Post-traumatic stress disorder moderates the association between BrainAge acceleration and GrimAge acceleration

Scritto il 03/06/2026
da Jenna Beakas

Neurobiol Aging. 2026 May 29;167:1-11. doi: 10.1016/j.neurobiolaging.2026.05.010. Online ahead of print.

ABSTRACT

Individuals with post-traumatic stress disorder (PTSD) are at higher risk for age-related physical comorbidities, such as cardiovascular disorders, and exhibit accelerated epigenetic and brain aging. The present study examined PTSD as a moderator of the association between DNA methylation (DNAm)-based systemic aging (GrimAge, PhenoAge) and brain aging, indexed by MRI-based and DNAm-derived BrainAge estimates, in 174 lifetime PTSD cases and 138 trauma-exposed controls from four cohorts. Peripheral DNAm assayed with the MethylationEPIC BeadChip was used to calculate epigenetic age acceleration (EAA), using multiple clocks (GrimAge, PC GrimAge, PC PhenoAge), and DNAm-based BrainAge acceleration.
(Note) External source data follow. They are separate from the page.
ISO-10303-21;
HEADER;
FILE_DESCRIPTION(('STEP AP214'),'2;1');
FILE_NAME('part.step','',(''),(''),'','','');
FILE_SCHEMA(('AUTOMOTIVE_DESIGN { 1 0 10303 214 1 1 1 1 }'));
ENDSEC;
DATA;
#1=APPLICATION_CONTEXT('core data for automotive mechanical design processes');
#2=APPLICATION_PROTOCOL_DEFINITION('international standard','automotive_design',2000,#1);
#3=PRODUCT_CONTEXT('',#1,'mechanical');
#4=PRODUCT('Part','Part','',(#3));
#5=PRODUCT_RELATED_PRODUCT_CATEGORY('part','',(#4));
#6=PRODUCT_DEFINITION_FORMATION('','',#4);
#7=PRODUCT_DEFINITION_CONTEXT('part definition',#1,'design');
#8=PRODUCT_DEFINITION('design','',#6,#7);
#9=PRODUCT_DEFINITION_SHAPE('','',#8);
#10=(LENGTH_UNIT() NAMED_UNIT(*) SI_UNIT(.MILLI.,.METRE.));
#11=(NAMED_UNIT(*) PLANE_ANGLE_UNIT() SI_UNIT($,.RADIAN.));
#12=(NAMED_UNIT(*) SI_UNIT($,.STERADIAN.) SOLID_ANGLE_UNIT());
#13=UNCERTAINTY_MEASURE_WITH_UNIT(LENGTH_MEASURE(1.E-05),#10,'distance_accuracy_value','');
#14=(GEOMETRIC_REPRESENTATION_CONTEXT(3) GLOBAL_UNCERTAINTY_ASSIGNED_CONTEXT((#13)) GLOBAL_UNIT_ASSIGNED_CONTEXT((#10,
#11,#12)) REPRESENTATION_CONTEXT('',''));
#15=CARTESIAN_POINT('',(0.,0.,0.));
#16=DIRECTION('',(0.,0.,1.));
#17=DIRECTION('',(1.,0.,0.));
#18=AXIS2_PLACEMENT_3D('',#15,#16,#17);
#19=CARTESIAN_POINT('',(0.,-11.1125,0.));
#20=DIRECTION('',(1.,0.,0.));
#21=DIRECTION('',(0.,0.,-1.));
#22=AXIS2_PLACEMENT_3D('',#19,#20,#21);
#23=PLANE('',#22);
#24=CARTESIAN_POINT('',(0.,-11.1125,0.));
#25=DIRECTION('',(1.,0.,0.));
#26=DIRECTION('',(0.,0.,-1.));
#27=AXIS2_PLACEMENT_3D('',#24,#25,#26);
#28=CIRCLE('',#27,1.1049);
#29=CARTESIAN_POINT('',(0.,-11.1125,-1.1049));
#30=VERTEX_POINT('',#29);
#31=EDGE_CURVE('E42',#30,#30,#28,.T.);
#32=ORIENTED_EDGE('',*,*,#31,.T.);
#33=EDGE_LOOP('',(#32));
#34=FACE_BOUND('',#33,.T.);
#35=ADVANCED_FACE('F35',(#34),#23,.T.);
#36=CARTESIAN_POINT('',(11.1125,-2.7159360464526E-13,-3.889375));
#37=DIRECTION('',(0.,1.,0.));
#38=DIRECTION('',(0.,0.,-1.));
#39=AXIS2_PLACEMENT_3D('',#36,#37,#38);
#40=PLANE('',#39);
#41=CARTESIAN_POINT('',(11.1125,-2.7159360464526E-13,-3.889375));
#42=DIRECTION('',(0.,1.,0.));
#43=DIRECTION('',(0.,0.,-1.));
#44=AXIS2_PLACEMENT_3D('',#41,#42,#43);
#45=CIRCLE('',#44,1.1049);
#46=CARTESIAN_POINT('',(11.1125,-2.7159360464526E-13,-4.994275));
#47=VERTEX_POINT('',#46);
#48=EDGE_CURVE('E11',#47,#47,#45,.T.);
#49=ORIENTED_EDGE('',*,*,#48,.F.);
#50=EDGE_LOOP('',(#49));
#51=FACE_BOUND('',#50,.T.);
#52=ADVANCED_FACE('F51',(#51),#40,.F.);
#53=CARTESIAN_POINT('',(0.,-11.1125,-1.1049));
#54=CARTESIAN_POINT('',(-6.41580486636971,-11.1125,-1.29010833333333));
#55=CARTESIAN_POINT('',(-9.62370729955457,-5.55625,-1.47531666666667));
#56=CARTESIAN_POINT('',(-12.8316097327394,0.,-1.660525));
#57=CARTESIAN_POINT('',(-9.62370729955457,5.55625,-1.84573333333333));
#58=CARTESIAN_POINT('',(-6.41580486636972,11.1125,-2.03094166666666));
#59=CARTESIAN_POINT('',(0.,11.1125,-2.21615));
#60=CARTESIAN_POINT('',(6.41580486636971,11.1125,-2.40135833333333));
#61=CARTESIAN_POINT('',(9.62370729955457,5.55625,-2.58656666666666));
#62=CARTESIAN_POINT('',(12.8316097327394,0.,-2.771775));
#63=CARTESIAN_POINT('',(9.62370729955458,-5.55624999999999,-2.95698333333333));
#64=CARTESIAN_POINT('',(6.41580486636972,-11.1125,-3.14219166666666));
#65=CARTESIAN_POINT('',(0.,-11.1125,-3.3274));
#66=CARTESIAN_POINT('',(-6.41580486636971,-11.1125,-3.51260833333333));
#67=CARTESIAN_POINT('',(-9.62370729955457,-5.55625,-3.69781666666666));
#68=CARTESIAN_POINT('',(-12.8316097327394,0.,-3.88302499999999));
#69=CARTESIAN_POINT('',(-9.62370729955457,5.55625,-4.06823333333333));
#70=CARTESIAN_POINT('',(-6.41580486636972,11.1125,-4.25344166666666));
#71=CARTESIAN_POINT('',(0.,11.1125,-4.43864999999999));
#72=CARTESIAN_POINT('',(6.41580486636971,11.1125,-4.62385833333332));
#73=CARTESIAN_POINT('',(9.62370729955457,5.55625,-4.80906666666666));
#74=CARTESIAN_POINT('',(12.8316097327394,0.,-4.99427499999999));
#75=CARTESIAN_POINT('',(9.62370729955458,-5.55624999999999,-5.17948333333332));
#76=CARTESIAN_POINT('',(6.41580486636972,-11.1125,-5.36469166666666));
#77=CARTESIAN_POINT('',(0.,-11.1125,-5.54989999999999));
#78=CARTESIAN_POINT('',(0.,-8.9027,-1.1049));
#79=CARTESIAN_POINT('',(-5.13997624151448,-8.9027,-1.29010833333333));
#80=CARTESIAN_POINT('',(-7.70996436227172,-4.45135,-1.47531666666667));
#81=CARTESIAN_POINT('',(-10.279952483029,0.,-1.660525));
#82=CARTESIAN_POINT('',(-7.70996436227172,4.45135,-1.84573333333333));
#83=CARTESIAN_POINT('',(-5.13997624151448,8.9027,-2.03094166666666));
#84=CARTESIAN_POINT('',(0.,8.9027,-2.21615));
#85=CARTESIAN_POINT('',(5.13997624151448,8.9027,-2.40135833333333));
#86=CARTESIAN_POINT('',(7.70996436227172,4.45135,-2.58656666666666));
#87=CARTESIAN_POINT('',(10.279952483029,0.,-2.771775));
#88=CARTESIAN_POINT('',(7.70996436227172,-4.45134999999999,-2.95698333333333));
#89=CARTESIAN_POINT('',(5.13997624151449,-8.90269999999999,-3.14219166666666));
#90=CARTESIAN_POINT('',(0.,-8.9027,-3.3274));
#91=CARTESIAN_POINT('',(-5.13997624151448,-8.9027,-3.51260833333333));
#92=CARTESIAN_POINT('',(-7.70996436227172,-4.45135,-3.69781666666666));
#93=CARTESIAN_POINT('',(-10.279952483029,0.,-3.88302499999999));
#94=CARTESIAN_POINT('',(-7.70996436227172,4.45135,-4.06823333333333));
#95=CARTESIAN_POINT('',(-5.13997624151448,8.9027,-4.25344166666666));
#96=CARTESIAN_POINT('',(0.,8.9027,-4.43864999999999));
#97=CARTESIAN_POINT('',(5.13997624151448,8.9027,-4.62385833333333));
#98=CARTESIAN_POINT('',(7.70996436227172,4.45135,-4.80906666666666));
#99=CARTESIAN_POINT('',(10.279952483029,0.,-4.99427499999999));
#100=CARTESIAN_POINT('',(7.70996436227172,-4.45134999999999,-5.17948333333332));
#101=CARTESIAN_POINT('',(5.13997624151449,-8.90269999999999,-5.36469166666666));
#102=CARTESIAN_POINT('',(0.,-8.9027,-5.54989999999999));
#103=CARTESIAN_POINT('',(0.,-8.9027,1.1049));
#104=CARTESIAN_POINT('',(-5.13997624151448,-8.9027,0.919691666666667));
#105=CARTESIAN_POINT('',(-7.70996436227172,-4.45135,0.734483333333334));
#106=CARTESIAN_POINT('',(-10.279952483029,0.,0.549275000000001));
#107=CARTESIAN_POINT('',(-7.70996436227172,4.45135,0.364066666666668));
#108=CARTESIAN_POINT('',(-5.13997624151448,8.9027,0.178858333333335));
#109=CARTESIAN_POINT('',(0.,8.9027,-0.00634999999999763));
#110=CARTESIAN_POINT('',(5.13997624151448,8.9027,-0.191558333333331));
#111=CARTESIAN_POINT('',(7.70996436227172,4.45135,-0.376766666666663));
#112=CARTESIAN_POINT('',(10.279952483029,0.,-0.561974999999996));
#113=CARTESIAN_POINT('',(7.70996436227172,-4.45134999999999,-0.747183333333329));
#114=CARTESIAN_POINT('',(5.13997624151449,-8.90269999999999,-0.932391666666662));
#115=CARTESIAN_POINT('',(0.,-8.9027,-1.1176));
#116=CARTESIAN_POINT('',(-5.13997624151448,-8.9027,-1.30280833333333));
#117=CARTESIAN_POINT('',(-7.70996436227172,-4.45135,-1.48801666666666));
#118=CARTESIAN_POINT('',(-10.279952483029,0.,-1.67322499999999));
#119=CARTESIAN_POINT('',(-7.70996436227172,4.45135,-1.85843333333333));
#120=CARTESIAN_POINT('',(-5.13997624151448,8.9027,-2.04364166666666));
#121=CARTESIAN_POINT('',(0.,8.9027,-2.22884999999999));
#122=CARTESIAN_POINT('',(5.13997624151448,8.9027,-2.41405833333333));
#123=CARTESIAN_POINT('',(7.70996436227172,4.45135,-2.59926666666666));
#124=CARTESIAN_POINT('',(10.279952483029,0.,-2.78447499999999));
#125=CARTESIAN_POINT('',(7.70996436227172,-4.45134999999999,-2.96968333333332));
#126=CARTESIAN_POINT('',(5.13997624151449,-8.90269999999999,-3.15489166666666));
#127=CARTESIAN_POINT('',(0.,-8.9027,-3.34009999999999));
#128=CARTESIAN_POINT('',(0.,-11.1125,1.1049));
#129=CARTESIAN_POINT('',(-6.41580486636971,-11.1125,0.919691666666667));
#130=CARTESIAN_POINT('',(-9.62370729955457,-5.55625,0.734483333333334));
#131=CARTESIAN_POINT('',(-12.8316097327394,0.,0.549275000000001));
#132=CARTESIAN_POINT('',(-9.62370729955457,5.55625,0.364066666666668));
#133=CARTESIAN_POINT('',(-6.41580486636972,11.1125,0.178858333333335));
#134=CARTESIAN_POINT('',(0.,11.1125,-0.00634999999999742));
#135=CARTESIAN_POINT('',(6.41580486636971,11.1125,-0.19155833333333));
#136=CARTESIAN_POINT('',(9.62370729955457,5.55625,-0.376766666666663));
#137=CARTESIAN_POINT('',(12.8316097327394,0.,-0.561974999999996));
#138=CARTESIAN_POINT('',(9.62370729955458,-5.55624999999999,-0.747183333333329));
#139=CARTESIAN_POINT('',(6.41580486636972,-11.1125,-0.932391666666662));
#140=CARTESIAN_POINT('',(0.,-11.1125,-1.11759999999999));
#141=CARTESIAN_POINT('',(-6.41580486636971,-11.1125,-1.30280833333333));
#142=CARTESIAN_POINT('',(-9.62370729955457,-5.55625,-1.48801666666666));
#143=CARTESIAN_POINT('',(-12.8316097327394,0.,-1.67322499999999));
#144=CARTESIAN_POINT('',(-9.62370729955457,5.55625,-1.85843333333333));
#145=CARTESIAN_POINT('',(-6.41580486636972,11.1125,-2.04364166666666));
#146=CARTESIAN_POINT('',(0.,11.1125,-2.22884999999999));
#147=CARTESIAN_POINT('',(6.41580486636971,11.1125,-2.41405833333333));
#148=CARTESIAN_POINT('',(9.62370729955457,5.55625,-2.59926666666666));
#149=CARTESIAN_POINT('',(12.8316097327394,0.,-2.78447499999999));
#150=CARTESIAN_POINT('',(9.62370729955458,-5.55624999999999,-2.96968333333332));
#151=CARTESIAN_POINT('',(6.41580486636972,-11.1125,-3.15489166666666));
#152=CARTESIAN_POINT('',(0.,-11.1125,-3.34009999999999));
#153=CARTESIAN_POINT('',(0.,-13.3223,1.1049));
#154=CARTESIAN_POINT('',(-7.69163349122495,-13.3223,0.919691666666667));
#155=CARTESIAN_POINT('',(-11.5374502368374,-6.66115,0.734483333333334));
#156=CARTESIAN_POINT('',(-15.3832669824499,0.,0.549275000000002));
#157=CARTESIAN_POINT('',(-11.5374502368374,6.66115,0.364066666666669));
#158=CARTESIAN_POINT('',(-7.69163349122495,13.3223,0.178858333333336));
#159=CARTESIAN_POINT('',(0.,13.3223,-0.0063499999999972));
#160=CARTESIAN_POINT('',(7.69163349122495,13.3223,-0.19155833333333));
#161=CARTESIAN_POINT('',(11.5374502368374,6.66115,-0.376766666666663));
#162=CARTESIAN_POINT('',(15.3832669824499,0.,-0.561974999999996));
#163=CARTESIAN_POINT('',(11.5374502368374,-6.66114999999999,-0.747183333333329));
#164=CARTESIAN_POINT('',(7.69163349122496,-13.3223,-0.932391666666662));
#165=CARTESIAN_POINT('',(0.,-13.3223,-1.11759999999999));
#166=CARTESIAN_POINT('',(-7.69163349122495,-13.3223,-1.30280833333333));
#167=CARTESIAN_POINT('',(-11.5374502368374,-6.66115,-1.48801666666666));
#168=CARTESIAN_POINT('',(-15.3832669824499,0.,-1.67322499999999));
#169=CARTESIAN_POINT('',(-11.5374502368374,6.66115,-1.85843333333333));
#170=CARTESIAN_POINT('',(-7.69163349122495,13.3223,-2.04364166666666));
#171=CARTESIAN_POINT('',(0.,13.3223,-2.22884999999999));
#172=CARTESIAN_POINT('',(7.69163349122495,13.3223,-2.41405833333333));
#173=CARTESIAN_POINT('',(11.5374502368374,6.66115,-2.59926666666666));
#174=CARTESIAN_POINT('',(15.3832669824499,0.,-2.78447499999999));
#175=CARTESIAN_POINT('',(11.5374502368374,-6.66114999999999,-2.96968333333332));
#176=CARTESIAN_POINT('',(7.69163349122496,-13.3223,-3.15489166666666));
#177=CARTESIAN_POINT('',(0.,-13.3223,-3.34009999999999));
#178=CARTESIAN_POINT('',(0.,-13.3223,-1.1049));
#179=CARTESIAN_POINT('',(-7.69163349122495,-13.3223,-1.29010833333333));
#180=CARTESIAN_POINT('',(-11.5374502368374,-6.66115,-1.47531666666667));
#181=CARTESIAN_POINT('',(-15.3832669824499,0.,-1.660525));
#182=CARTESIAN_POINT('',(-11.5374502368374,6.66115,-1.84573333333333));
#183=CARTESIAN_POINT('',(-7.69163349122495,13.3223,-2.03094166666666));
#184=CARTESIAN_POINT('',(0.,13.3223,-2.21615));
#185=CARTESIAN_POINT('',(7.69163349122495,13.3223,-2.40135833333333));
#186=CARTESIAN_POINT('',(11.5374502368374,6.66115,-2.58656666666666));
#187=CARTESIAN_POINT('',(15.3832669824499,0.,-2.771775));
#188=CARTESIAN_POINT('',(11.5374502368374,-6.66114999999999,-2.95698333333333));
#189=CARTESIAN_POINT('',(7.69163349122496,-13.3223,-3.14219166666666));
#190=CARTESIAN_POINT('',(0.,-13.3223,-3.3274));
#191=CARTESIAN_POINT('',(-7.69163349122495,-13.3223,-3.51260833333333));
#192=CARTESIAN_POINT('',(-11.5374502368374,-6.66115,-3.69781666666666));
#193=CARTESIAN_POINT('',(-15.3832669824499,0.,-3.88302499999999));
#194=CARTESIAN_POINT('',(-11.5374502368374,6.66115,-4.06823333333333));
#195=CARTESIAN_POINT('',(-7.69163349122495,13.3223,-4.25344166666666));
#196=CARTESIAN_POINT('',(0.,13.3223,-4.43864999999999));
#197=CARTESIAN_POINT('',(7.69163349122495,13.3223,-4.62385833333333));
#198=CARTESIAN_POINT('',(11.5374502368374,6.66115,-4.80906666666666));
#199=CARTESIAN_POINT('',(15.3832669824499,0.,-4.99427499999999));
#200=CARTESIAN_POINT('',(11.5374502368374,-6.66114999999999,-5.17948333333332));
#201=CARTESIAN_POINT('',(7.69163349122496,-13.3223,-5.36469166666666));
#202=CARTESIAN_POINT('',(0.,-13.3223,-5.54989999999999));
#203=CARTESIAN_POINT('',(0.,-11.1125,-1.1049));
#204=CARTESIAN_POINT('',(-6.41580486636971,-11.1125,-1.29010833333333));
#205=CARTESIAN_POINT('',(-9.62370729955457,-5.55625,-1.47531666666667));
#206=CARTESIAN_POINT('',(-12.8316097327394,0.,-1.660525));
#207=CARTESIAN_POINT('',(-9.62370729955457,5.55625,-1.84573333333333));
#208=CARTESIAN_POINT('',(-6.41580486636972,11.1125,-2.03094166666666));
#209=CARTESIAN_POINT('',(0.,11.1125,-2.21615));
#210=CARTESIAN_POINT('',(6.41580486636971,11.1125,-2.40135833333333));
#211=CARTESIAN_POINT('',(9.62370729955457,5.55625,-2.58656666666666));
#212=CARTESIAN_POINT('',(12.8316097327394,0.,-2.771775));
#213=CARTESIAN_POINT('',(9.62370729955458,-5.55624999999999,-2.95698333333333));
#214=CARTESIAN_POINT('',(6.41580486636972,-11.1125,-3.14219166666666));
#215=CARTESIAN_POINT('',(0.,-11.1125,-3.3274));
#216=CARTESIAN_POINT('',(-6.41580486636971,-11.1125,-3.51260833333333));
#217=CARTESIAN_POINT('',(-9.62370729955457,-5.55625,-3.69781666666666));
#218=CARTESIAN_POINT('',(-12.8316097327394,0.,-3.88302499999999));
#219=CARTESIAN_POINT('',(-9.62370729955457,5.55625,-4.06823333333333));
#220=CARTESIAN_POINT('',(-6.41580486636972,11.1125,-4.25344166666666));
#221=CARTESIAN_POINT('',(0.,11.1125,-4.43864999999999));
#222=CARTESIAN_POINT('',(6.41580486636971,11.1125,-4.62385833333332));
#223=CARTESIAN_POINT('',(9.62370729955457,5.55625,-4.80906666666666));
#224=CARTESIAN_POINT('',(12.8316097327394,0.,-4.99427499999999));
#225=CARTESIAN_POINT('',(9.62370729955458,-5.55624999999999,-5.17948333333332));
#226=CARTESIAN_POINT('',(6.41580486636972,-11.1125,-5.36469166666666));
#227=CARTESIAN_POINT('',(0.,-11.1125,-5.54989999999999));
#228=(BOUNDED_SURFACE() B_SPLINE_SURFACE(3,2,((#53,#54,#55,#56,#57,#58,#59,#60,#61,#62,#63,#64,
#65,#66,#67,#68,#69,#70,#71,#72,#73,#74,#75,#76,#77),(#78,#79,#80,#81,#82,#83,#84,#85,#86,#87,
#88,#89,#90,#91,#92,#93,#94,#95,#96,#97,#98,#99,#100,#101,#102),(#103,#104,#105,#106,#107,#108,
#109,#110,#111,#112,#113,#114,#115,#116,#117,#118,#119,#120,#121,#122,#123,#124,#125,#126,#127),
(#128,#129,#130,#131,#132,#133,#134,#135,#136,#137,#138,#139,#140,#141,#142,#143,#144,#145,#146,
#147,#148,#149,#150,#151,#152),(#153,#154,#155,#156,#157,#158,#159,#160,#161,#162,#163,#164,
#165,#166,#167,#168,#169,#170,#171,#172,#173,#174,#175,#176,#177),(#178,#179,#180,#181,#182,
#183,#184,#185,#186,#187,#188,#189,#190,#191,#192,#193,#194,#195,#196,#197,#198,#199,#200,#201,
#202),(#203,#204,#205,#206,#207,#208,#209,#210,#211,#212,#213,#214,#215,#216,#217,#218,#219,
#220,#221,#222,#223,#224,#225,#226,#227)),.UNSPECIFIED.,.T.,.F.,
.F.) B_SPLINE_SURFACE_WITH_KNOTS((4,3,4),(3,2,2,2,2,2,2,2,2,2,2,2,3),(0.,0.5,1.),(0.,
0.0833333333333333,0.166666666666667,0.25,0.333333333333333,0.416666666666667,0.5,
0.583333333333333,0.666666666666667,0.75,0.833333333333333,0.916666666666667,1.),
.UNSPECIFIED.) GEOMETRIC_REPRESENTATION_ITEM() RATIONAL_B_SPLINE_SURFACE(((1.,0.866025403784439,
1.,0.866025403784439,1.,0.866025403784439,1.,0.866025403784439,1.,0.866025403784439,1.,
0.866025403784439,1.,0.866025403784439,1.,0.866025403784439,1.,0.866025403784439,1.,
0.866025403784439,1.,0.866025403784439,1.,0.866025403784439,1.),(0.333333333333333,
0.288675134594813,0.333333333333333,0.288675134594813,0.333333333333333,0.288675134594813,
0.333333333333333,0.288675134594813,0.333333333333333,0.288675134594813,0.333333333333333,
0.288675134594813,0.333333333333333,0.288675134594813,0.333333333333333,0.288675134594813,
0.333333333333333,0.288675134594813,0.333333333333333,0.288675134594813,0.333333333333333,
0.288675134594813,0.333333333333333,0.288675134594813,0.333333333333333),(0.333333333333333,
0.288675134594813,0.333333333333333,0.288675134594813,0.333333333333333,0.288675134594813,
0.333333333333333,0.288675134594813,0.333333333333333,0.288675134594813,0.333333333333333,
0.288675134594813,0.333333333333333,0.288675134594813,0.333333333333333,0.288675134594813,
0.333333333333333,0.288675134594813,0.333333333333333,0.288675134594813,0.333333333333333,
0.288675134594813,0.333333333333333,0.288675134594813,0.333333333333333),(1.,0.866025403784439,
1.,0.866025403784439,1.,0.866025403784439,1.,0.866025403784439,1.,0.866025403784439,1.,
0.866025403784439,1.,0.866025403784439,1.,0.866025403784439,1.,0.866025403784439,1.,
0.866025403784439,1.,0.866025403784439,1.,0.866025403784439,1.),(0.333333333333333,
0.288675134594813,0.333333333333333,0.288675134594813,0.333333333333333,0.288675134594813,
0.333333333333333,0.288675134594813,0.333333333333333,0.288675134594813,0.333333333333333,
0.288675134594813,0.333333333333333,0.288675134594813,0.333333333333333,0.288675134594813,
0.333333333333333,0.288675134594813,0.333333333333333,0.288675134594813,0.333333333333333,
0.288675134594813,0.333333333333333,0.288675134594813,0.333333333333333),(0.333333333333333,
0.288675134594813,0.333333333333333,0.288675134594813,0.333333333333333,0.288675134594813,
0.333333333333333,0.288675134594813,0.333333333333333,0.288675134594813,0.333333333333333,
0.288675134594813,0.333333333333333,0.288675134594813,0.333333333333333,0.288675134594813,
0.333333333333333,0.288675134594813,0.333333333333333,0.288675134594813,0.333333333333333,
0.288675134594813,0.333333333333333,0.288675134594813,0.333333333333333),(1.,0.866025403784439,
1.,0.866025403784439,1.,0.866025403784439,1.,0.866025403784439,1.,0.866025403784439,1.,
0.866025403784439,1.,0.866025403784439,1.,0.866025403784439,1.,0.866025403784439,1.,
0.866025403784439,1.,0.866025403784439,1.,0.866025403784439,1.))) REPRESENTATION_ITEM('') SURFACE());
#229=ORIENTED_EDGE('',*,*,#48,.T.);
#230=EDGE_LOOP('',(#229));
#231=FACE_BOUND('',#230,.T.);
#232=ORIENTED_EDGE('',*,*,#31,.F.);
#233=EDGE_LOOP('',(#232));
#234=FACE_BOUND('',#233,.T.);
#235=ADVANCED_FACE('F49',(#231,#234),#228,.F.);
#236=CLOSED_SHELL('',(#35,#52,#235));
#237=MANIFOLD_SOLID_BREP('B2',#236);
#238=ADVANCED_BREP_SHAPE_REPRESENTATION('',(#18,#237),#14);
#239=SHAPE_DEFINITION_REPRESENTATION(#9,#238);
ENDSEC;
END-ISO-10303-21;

Neuroimaging-derived BrainAge estimates were calculated with T1-weighted MRI scans that were processed using FreeSurfer v5.3 and run on BrainageR. Meta-analysis of the four cohorts examined the interactions between lifetime PTSD and EAA on BrainAge acceleration. EAA measures were intercorrelated (0.43 < rmeta < 0.84), but MRI-based BrainAge acceleration was not correlated with any EAA estimate (rmeta = 0.03, p = 0.56). Lifetime PTSD moderated the association between PC GrimAge acceleration and DNAm-based BrainAge acceleration (Standardized Mean Difference [SMD] = 0.84 [95% CI: -1.51, -0.17], p = 0.01), and the association between GrimAge acceleration and MRI-based BrainAge acceleration (SMD = -0.40 [95% CI: -0.74, -0.07], p = 0.02). Stratified analyses confirmed that the positive associations between GrimAge acceleration and BrainAge acceleration were attenuated or absent in PTSD cases relative to trauma-exposed controls. Trauma-exposed individuals represent a vulnerable population who may benefit from personalized approaches guided by multi-modal measures of biological aging to prevent and manage modifiable medical disease processes.